**YOUR TASK:**
Whenever the word "TopLayer" appears in a line of the data below, copy that line.

**RECORDED DATA:**
=== Section Start ===
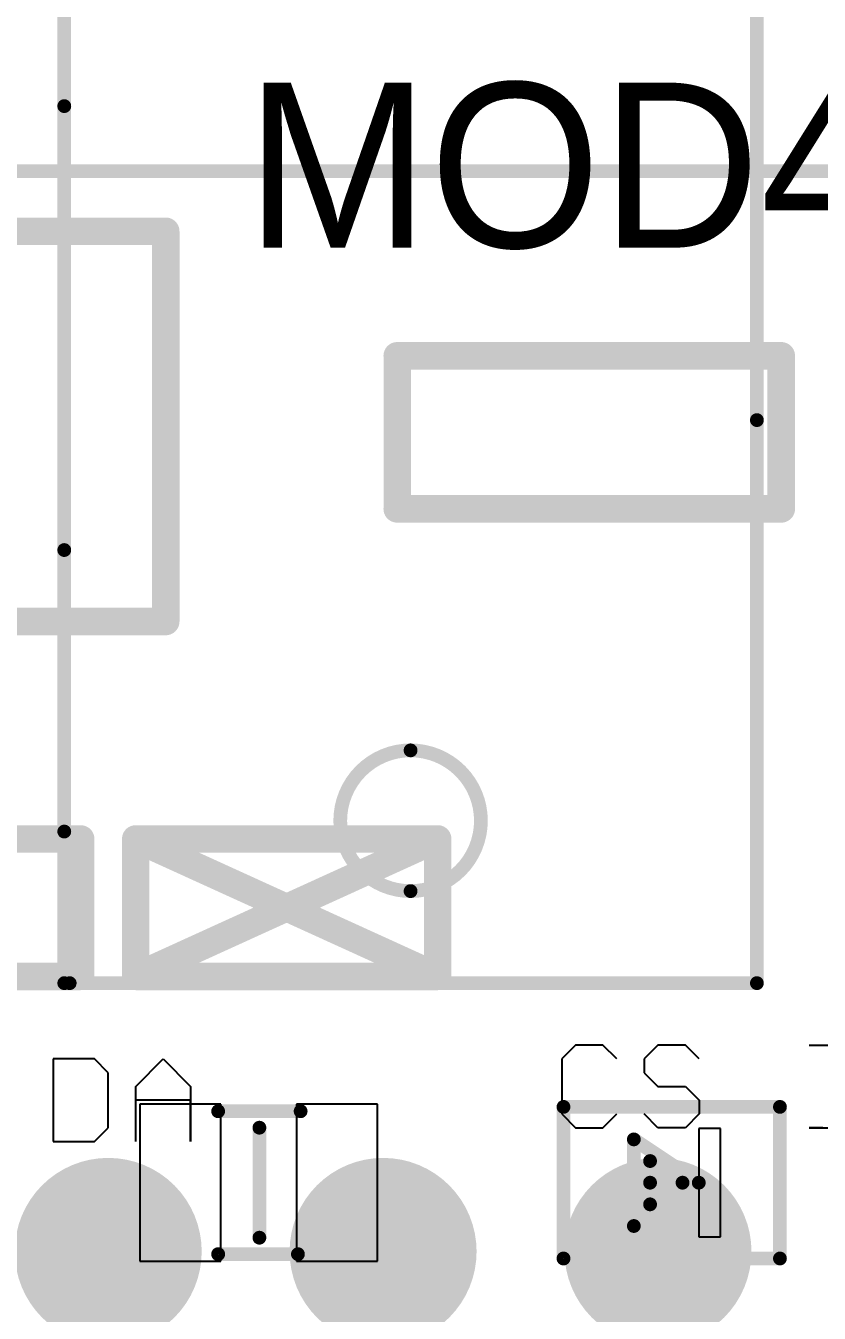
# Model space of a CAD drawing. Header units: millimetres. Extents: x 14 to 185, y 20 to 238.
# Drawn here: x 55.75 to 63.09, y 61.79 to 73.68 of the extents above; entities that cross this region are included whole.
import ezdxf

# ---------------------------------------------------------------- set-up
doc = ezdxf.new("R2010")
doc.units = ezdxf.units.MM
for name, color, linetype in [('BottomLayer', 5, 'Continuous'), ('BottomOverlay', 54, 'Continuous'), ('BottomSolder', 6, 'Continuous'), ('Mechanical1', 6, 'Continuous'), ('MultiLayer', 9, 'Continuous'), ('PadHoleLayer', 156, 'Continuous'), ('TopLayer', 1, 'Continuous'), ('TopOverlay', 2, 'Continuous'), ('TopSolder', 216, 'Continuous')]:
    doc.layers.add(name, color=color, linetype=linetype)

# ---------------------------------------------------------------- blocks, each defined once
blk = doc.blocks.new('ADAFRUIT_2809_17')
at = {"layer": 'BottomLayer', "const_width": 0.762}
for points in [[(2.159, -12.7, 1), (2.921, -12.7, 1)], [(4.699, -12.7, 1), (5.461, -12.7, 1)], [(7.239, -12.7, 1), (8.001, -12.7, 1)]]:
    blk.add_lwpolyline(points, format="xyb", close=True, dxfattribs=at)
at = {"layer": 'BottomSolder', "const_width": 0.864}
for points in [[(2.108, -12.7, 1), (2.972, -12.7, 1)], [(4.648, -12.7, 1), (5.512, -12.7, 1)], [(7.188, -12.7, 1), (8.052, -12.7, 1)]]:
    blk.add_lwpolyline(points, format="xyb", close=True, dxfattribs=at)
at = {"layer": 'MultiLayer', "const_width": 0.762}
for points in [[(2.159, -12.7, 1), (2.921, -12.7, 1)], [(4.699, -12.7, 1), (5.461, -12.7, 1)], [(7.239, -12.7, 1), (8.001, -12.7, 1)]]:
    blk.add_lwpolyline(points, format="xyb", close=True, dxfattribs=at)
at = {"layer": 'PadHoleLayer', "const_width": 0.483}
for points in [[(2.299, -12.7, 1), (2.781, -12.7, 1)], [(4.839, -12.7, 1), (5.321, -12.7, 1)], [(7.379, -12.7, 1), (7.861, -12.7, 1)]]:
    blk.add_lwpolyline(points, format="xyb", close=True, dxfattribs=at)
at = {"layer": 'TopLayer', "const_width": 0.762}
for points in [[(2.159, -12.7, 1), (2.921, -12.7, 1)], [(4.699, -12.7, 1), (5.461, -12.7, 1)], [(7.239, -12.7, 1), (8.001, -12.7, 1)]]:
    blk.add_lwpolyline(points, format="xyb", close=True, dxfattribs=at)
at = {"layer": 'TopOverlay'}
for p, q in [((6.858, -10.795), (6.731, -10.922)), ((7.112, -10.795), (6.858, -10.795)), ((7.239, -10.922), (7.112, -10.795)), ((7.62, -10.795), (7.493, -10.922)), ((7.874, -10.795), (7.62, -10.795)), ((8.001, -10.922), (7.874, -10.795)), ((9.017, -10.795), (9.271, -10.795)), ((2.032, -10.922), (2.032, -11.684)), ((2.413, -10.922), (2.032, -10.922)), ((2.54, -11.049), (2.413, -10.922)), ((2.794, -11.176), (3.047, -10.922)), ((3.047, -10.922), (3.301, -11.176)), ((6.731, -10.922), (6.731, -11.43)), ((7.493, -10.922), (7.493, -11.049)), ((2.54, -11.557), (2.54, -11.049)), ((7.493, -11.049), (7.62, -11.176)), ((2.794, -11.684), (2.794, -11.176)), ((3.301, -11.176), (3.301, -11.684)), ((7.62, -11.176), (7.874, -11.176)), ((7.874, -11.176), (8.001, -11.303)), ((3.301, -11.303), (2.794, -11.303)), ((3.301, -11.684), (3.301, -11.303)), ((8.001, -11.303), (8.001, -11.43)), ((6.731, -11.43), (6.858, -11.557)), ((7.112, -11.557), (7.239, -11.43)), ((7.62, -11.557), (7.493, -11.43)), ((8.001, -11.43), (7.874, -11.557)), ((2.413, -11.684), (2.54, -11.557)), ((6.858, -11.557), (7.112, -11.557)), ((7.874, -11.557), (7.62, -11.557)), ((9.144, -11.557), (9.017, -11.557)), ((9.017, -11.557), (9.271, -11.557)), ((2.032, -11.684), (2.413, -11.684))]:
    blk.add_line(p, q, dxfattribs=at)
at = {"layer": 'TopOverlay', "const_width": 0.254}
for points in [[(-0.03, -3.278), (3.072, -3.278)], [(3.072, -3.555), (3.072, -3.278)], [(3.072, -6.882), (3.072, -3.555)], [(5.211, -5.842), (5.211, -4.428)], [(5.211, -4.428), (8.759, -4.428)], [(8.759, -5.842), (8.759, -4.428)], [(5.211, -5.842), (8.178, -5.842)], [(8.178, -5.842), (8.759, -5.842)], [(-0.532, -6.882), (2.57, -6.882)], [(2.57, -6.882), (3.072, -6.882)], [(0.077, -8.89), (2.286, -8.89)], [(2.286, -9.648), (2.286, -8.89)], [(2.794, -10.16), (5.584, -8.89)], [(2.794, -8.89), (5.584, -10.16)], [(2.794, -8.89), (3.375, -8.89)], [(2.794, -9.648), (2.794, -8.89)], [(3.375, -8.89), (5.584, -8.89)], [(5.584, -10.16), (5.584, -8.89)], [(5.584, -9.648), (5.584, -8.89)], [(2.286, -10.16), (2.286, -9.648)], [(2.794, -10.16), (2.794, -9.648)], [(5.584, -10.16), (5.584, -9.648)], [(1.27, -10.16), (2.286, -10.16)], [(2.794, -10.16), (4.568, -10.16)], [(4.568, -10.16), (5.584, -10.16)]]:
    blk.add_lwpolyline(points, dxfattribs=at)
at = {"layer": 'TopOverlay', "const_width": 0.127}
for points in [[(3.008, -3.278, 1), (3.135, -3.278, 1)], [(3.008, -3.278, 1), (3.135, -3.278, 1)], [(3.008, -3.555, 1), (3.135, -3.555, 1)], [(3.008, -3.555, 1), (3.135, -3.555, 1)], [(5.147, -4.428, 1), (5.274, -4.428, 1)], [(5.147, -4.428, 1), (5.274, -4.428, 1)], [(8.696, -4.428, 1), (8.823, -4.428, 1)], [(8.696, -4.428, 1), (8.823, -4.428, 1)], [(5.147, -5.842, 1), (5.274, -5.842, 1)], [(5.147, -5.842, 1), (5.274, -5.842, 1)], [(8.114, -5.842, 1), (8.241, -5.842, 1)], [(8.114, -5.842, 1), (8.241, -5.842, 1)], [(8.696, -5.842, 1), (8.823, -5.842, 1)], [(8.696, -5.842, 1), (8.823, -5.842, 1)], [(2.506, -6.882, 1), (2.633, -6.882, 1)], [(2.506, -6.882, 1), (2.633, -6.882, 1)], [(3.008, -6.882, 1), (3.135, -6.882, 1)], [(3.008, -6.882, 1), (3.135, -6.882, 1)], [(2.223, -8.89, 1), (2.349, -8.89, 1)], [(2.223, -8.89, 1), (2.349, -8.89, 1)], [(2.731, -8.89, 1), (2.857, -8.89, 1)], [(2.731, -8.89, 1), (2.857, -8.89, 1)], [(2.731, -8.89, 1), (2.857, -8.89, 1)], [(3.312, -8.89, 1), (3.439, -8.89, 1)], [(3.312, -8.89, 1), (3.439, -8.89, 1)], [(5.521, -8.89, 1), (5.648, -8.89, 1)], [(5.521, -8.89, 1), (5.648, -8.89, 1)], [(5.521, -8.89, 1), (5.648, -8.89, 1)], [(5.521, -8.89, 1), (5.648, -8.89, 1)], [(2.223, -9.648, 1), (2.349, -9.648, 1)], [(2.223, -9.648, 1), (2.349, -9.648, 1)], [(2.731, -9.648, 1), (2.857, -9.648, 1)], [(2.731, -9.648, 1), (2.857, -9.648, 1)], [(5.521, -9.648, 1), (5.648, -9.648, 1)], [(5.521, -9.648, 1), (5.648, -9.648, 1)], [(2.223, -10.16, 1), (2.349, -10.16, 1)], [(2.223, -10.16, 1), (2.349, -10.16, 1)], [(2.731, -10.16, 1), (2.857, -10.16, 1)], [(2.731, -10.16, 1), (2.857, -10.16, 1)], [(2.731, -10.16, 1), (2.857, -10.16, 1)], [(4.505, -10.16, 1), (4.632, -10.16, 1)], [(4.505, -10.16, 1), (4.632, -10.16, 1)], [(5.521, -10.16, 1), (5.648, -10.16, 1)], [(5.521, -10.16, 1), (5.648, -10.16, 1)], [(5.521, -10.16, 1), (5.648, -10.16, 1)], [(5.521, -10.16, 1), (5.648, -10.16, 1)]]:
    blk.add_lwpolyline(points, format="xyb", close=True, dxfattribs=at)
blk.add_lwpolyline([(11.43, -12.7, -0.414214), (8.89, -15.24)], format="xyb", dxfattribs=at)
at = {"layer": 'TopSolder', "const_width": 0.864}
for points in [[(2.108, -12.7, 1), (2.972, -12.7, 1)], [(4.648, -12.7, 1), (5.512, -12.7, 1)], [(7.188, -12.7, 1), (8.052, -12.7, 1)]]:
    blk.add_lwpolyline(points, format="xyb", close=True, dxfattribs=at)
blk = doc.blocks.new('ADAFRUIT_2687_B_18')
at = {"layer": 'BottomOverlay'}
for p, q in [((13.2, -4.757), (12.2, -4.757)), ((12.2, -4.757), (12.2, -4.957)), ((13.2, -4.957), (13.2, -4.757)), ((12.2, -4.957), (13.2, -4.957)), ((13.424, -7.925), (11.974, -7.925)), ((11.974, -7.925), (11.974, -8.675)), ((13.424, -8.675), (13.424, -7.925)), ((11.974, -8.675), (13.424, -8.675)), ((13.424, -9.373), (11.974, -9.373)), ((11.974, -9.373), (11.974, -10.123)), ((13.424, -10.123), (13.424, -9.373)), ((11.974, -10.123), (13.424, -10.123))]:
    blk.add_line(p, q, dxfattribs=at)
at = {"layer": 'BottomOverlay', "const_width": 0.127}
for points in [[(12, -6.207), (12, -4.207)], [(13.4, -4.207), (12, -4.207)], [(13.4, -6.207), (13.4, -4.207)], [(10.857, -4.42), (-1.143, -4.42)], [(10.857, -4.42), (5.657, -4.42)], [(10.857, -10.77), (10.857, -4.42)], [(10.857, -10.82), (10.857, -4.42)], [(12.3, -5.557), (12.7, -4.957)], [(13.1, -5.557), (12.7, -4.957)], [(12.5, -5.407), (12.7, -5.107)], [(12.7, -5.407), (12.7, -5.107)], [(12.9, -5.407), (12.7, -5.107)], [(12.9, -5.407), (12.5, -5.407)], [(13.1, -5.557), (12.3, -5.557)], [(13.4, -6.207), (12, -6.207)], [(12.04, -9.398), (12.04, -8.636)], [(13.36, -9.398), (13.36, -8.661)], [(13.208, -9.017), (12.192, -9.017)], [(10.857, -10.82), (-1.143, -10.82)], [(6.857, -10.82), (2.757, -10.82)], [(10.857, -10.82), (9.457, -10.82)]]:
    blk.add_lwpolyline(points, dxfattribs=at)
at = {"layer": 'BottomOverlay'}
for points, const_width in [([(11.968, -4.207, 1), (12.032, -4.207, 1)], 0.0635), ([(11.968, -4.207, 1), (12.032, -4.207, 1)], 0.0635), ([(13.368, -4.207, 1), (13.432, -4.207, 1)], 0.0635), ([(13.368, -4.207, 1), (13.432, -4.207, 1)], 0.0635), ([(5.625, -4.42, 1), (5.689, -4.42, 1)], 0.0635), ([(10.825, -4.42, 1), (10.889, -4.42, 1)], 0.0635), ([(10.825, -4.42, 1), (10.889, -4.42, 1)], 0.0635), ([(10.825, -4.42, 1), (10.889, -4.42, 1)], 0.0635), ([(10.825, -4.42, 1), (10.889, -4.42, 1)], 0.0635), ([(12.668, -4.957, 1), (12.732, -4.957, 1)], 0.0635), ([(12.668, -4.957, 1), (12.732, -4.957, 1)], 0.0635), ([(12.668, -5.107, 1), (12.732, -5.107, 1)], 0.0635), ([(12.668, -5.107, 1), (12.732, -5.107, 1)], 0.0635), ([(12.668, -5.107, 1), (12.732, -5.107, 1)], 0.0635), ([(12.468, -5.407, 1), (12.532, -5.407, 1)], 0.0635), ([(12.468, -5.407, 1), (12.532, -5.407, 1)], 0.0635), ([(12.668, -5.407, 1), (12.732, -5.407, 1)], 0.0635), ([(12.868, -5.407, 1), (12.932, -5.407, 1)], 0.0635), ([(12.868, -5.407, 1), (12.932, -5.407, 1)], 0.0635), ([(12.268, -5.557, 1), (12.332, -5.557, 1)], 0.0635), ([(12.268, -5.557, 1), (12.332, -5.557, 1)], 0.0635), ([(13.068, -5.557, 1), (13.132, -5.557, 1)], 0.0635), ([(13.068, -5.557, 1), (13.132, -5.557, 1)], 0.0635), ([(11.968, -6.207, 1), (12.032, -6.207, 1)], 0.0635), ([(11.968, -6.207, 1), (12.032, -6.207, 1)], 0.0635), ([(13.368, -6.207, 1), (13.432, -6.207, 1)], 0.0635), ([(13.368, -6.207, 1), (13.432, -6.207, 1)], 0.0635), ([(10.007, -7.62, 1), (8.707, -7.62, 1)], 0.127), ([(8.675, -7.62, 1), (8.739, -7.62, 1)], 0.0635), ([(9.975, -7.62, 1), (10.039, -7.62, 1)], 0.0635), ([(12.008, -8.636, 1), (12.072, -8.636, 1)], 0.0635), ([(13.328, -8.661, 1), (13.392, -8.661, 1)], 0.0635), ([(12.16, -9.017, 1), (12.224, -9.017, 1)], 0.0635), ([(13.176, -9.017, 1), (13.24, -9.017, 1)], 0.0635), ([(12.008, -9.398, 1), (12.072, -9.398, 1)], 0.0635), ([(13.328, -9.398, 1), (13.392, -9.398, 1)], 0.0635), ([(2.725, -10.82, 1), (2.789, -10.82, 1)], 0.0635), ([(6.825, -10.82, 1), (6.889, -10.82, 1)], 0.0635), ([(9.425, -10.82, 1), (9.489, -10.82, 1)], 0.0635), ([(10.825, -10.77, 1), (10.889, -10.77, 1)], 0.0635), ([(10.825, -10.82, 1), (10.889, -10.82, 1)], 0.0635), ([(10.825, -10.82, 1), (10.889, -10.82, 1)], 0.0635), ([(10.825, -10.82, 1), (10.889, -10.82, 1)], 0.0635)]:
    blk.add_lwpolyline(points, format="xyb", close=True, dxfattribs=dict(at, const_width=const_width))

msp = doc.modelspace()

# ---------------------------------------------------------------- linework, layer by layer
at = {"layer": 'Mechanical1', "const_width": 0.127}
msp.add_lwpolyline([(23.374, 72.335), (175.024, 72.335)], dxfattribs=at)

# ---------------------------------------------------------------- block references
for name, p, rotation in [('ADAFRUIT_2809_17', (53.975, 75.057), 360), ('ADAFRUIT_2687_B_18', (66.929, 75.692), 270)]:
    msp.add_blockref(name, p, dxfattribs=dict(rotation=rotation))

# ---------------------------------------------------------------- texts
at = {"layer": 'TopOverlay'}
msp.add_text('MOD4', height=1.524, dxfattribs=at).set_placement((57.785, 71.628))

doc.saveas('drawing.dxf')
=== Section End ===
**SOLUTION FOR THIS PROBLEM:**
for name, color, linetype in [('BottomLayer', 5, 'Continuous'), ('BottomOverlay', 54, 'Continuous'), ('BottomSolder', 6, 'Continuous'), ('Mechanical1', 6, 'Continuous'), ('MultiLayer', 9, 'Continuous'), ('PadHoleLayer', 156, 'Continuous'), ('TopLayer', 1, 'Continuous'), ('TopOverlay', 2, 'Continuous'), ('TopSolder', 216, 'Continuous')]:
at = {"layer": 'TopLayer', "const_width": 0.762}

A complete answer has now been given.